CAPITULO VI
Que fundamento houve para o Mestre Dom Payo Correa começar de conquistar o Algarve, que era dos Mouros
Depois que o Mestre Dom Payo tomou estes logares da conquista de Portugal, até se ganhar o Algarve, passaram dous tempos em que reinaram dous reis de Castella, a saber o dito Rei D. Fernando, em cujo tempo o dito Mestre tomou primeiramente Tavilla, e Silves e alguns outros Lugares do Algarve, e apoz elle Reinou o sobredito Rei Dom Affonso seu filho, que reinando em Castella depois de fazer sua doação para sempre a El-Rei Dom Affonso Conde de Bolonha seu genro, e a Dom Diniz, seu filho se ganharam todolos outros Lugares do Algarve, em que tambem foi o dito Mestre como Vassallo, e Compadre, que era do dito Rei Dom Affonso Conde de Bolonha, e foi por esta maneira.

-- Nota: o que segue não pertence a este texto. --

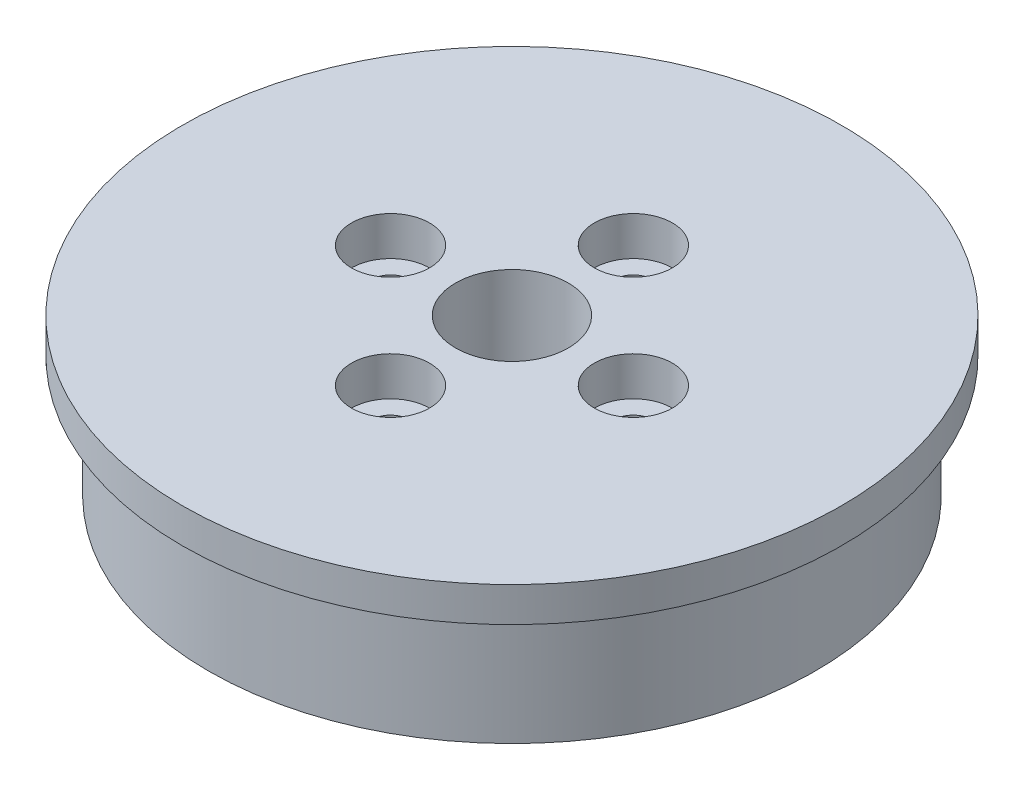
SolidWorks part; units mm, degrees
ref_plane "Front" through (0, 0, 0) normal (0, 0, 1) x (1, 0, 0)
ref_plane "Top" through (0, 0, 0) normal (0, 1, 0) x (1, 0, 0)
ref_plane "Right" through (0, 0, 0) normal (1, 0, 0) x (0, 0, -1)
sketch "Эскиз1" plane through (0, 0, 0) normal (0, 1, 0) x (1, 0, 0)
  circle A0 centre (0, 0) radius 19
  dimension "D1" = 38
extrude "Бобышка-Вытянуть1" add sketch "Эскиз1" along normal blind 10.45
sketch "Эскиз2" plane through (0, 0, 0) normal (0, 1, 0) x (1, 0, 0)
  circle A0 centre (0, 0) radius 10
  circle A1 centre (0, 0) radius 17.5
  circle A2 centre (0, 0) radius 35.8784
  dimension "D1" = 35
  dimension "D2" = 20
extrude "Вырез-Вытянуть1" cut sketch "Эскиз2" along normal blind 1.45 contours A1 A0 | A2 A1 region at (-17.005, 0, 0) region at (-34.8636, 0, 0)
extrude "Вырез-Вытянуть2" cut sketch "Эскиз2<3>" along normal blind 8.45 contours A2 A1 region at (-34.8636, 0, 0)
sketch "Эскиз2<3>" plane through (0, 0, 0) normal (0, 1, 0) x (1, 0, 0) same geometry as "Эскиз2"
sketch "Эскиз3" plane through (0, 0, 0) normal (0, 1, 0) x (1, 0, 0)
  circle A0 centre (0, 0) radius 7 construction
  circle A1 centre (0, 0) radius 3.25
  circle A2 centre (0, 7) radius 1.1
  circle A3 centre (-7, 0) radius 1.1
  circle A4 centre (0, -7) radius 1.1
  circle A5 centre (7, 0) radius 1.1
  circle A6 centre (0, 7) radius 2.25
  circle A7 centre (7, 0) radius 2.25
  circle A8 centre (0, -7) radius 2.25
  circle A9 centre (-7, 0) radius 2.25
  dimension "D1" = 6.5
  dimension "D2" = 14
  dimension "D3" = 2.2
  dimension "D4" = 2.2
  dimension "D5" = 2.2
  dimension "D6" = 2.2
  dimension "D7" = 4.5
  dimension "D8" = 4.5
  dimension "D9" = 4.5
  dimension "D10" = 4.5
extrude "Вырез-Вытянуть3" cut sketch "Эскиз3" along normal through all contours A4 | A3 | A1 | A2 | A5
extrude "Вырез-Вытянуть4" cut sketch "Эскиз3<3>" along normal through all from offset 8.2 contours A9 | A6 | A7 | A8
sketch "Эскиз3<3>" plane through (0, 0, 0) normal (0, 1, 0) x (1, 0, 0) same geometry as "Эскиз3"
sketch "Эскиз4" plane through (0, 0, 0) normal (0, 1, 0) x (1, 0, 0)
  circle A0 centre (0, 0) radius 10
  circle A1 centre (0, 0) radius 16
  dimension "D1" = 32
  dimension "D2" = 20
extrude "Вырез-Вытянуть5" cut sketch "Эскиз4" along normal blind 2.2
sketch "Эскиз5" plane through (0, 0, 0) normal (0, 1, 0) x (1, 0, 0)
  circle A0 centre (0, 0) radius 4.5
extrude "Вырез-Вытянуть6" cut sketch "Эскиз5" along normal blind 2
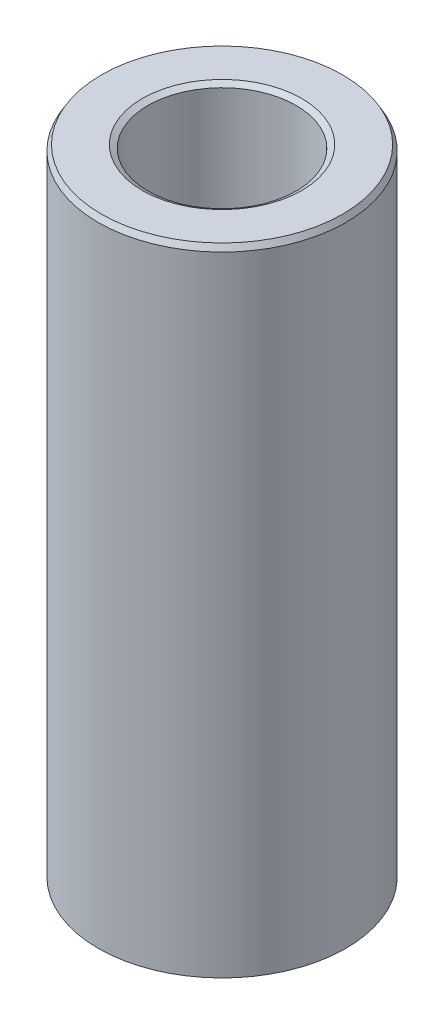
SolidWorks part; units mm, degrees
ref_plane "Front Plane" through (0, 0, 0) normal (0, 0, 1) x (1, 0, 0)
ref_plane "Top Plane" through (0, 0, 0) normal (0, 1, 0) x (1, 0, 0)
ref_plane "Right Plane" through (0, 0, 0) normal (1, 0, 0) x (0, 0, -1)
sketch "Sketch1" plane through (0, 0, 0) normal (0, 1, 0) x (1, 0, 0)
  circle A0 centre (0, 0) radius 55
  dimension "SLEEVE_OD" = 110
extrude "Boss-Extrude1" add sketch "Sketch1" along normal blind 283.0473
sketch "Sketch2" plane through (0, 0, 0) normal (0, 1, 0) x (1, 0, 0)
  circle A0 centre (0, 0) radius 32.9169
  dimension "BORE_D" = 65.8339
extrude "Cut-Extrude1" cut sketch "Sketch2" along normal through all
chamfer "Chamfer1" distance 2.486 angle 30 4 edges at (0, 283.0473, 32.9169) (0, 0, 32.9169) (0, 0, 55) (0, 283.0473, 55) first distance on face at (0, 283.0473, 32.9169) first distance on face at (0, 0, 32.9169) first distance on face at (0, 283.0473, 55)

Quando o Mestre Dom Payo Correa ganhou dos Mouros Aljustrel, como é dito, se acha, que estando ainda no dito Lugar, elle como bom Cavalleiro, e catholico guerreiro, desejando conquitar esta parte do Algarve, que confinava com Portugal, que toda era de Mouros, para saber se o poderia fazer, e como o faria, teve concelho com seus Cavalleiros, em que não achou conforme acordo, assi porque alguns contrariavam a empreza, e passagem da terra do Algarve, como porque era mui povorada, e os Mouros della tinham pelo mar seu grande soccorro e ajuda Dafrica.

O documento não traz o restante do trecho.